Data extraction and selection

Duplicates were removed and IG screened the title and abstract of all identified studies, excluding irrelevant studies. The remaining studies were screened by full-text and excluded based on the eligibility criteria. This was verified by DL and in the case of conflict, it was resolved by discussion and if the discrepancy was not resolved, a third author DP would be included (but it was not needed).

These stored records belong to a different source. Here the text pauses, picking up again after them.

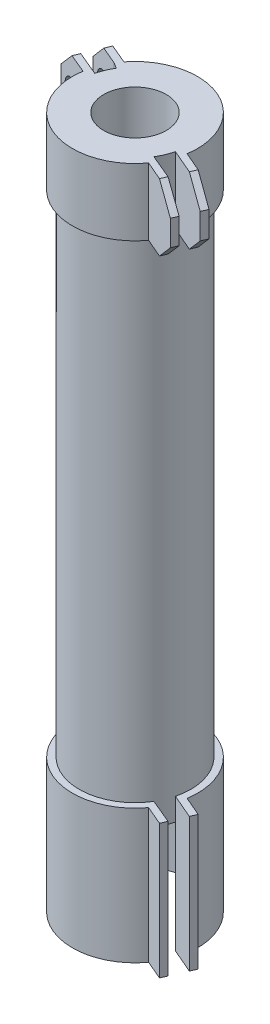
from build123d import *

# Parameters (mm, degrees)
BOSS_EXTRUDE1_DEPTH      = 150
BOSS_EXTRUDE1_DEPTH_BACK = 110
SKETCH1_R                = 25
SKETCH1_R_2              = 14
BOSS_EXTRUDE2_DEPTH      = 30
SKETCH4_R                = 6
CUT_EXTRUDE1_DEPTH       = 30
CUT_EXTRUDE3_DEPTH       = 30
CUT_EXTRUDE4_DEPTH       = 30
BOSS_EXTRUDE3_DEPTH      = 50
BOSS_EXTRUDE3_DEPTH_BACK = 10
SKETCH10_R               = 6
CUT_EXTRUDE5_DEPTH       = 20


with BuildPart() as part:
    # Sketch1 → Boss-Extrude1 (new, two sides: drawn at the far end of the back side and taken through both)
    with BuildSketch(Plane(origin=(0, 0, 0), x_dir=(1, 0, 0), z_dir=(0, 1, 0)).offset(-BOSS_EXTRUDE1_DEPTH_BACK)):
        with Locations(Location((0, 0, 0), (0, 0, 270))):
            Circle(SKETCH1_R)
        with Locations(Location((0, 0, 0), (0, 0, 270))):
            Circle(SKETCH1_R_2, mode=Mode.SUBTRACT)
    extrude(amount=BOSS_EXTRUDE1_DEPTH + BOSS_EXTRUDE1_DEPTH_BACK)

    # Sketch2 → Boss-Extrude2 (add)
    with BuildSketch(Plane(origin=(0, 150, 0), x_dir=(1, 0, 0), z_dir=(0, 1, 0))):
        with BuildLine():
            Line((-23.915836384, 14.561345064), (-21.353425342, 13.00120095))
            ThreePointArc((-21.353425342, 13.00120095), (9.671523715, 23.053451564), (24.237934753, -6.125562743))
            Line((24.237934753, -6.125562743), (43.683817295, -14.479533157))
            Line((43.683817295, -14.479533157), (44.867972274, -11.723126622))
            Line((44.867972274, -11.723126622), (27.66288952, -4.331806018))
            ThreePointArc((27.66288952, -4.331806018), (11.097692173, 25.70683233), (-22.124313852, 17.161431659))
            Line((-22.124313852, 17.161431659), (-39.224178944, 24.402944888))
            Line((-39.224178944, 24.402944888), (-40.408333923, 21.646538353))
            Line((-40.408333923, 21.646538353), (-23.915836384, 14.561345064))
        make_face()
        with BuildLine():
            Line((-43.500856668, 14.266360747), (-24.222080563, 6.187957111))
            ThreePointArc((-24.222080563, 6.187957111), (-9.661815141, -23.057522161), (21.397729285, -12.928154604))
            Line((21.397729285, -12.928154604), (40.848787327, -21.078749702))
            Line((40.848787327, -21.078749702), (39.664632347, -23.835156237))
            Line((39.664632347, -23.835156237), (22.614348516, -16.510337404))
            ThreePointArc((22.614348516, -16.510337404), (-10.742271175, -25.857370516), (-27.656212868, 4.374230197))
            Line((-27.656212868, 4.374230197), (-44.660274485, 11.499458088))
            Line((-44.660274485, 11.499458088), (-43.500856668, 14.266360747))
        make_face()
    extrude(amount=-BOSS_EXTRUDE2_DEPTH)

    # Sketch4 → Cut-Extrude1 (cut)
    with BuildSketch(Plane(origin=(2.798049006, 0, -6.607218549), x_dir=(-0.9208327997677669, 0, -0.38995763214977075), z_dir=(0.3899576321497707, 0, -0.9208327997677668))):
        with Locations(Location((36.350025121, 135, 0), (0, 0, 180))):
            Circle(SKETCH4_R)
    extrude(amount=-CUT_EXTRUDE1_DEPTH, mode=Mode.SUBTRACT)

    # Sketch6 → Cut-Extrude3 (cut)
    with BuildSketch(Plane(origin=(-2.464398676, 0, 5.736482753), x_dir=(0.9188021782605189, 0, 0.39471832643509935), z_dir=(-0.39471832643509935, 0, 0.9188021782605189))):
        Polygon((36.573584503, 150), (45.852123581, 140.721460922), (66.07138883, 154.845920949), align=None)
        Polygon((36.573584503, 120), (62.874627202, 146.301042699), (73.132170225, 136.043499677), (73.132170225, 101.712575759), align=None)
    extrude(amount=-CUT_EXTRUDE3_DEPTH, mode=Mode.SUBTRACT)

    # Sketch7 → Cut-Extrude4 (cut)
    with BuildSketch(Plane(origin=(-2.571593456, 0, 6.137001406), x_dir=(0.9223008864267629, 0, 0.3864726056221933), z_dir=(-0.3864726056221933, 0, 0.9223008864267629))):
        Polygon((-36.416153031, 150), (-45.634436276, 140.781716754), (-52.238797728, 153.982696948), (-36.416153031, 153.982696948), align=None)
        Polygon((-36.416153031, 120), (-66.089359291, 149.67320626), (-66.089359291, 112.136229403), align=None)
    extrude(amount=-CUT_EXTRUDE4_DEPTH, mode=Mode.SUBTRACT)

    # Sketch8 → Boss-Extrude3 (add, two sides: drawn at the far end of the back side and taken through both)
    with BuildSketch(Plane.XZ.offset(110).offset(-BOSS_EXTRUDE3_DEPTH_BACK)):
        with BuildLine():
            Line((-23.915836384, -14.561345064), (-31.938215406, -18.007767043))
            Line((-31.938215406, -18.007767043), (-40.408333923, -21.646538353))
            Line((-40.408333923, -21.646538353), (-39.224178944, -24.402944888))
            Line((-39.224178944, -24.402944888), (-30.760365079, -20.818658126))
            Line((-30.760365079, -20.818658126), (-22.124313852, -17.161431659))
            ThreePointArc((-22.124313852, -17.161431659), (11.097692173, -25.70683233), (27.66288952, 4.331806018))
            Line((27.66288952, 4.331806018), (36.342830359, 8.060717205))
            Line((36.342830359, 8.060717205), (35.15867538, 10.81712374))
            Line((35.15867538, 10.81712374), (24.237934753, 6.125562743))
            ThreePointArc((24.237934753, 6.125562743), (9.671523715, -23.053451564), (-21.353425342, -13.00120095))
            Line((-21.353425342, -13.00120095), (-23.915836384, -14.561345064))
        make_face()
        with BuildLine():
            Line((-27.656212868, -4.374230197), (-36.158243676, -7.936844143))
            Line((-36.158243676, -7.936844143), (-44.660274485, -11.499458088))
            Line((-44.660274485, -11.499458088), (-43.500856668, -14.266360747))
            Line((-43.500856668, -14.266360747), (-34.998825859, -10.703746802))
            Line((-34.998825859, -10.703746802), (-24.222080563, -6.187957111))
            ThreePointArc((-24.222080563, -6.187957111), (-9.661815141, 23.057522161), (21.397729285, 12.928154604))
            Line((21.397729285, 12.928154604), (32.290839196, 17.492704669))
            Line((32.290839196, 17.492704669), (31.139490432, 20.17274682))
            Line((31.139490432, 20.17274682), (22.614348516, 16.510337404))
            ThreePointArc((22.614348516, 16.510337404), (-10.742271175, 25.857370516), (-27.656212868, -4.374230197))
        make_face()
    extrude(amount=BOSS_EXTRUDE3_DEPTH + BOSS_EXTRUDE3_DEPTH_BACK)

    # Sketch10 → Cut-Extrude5 (cut)
    with BuildSketch(Plane(origin=(2.798049006, 0, -6.607218549), x_dir=(-0.9208327997677666, 0, -0.3899576321497714), z_dir=(0.3899576321497714, 0, -0.9208327997677666))):
        with Locations(Location((35.51571532, -149.915667196, 0), (0, 0, 180))):
            Circle(SKETCH10_R)
    extrude(amount=-CUT_EXTRUDE5_DEPTH, mode=Mode.SUBTRACT)


solid = part.part

IG and DL performed data extraction using a data extraction sheet (Supplementary Table 1), that was developed to accurately collect study characteristics and data. Data collection was verified, and disagreements resolved by discussion and consensus.

Extracted data included:

- Study Characteristics: study type, population, sample size, year, number of participants with USN (+) and without USN (-), patients with right brain damage (RBD) or left-brain damage (LBD), follow-up, inclusion/exclusion criteria, etc.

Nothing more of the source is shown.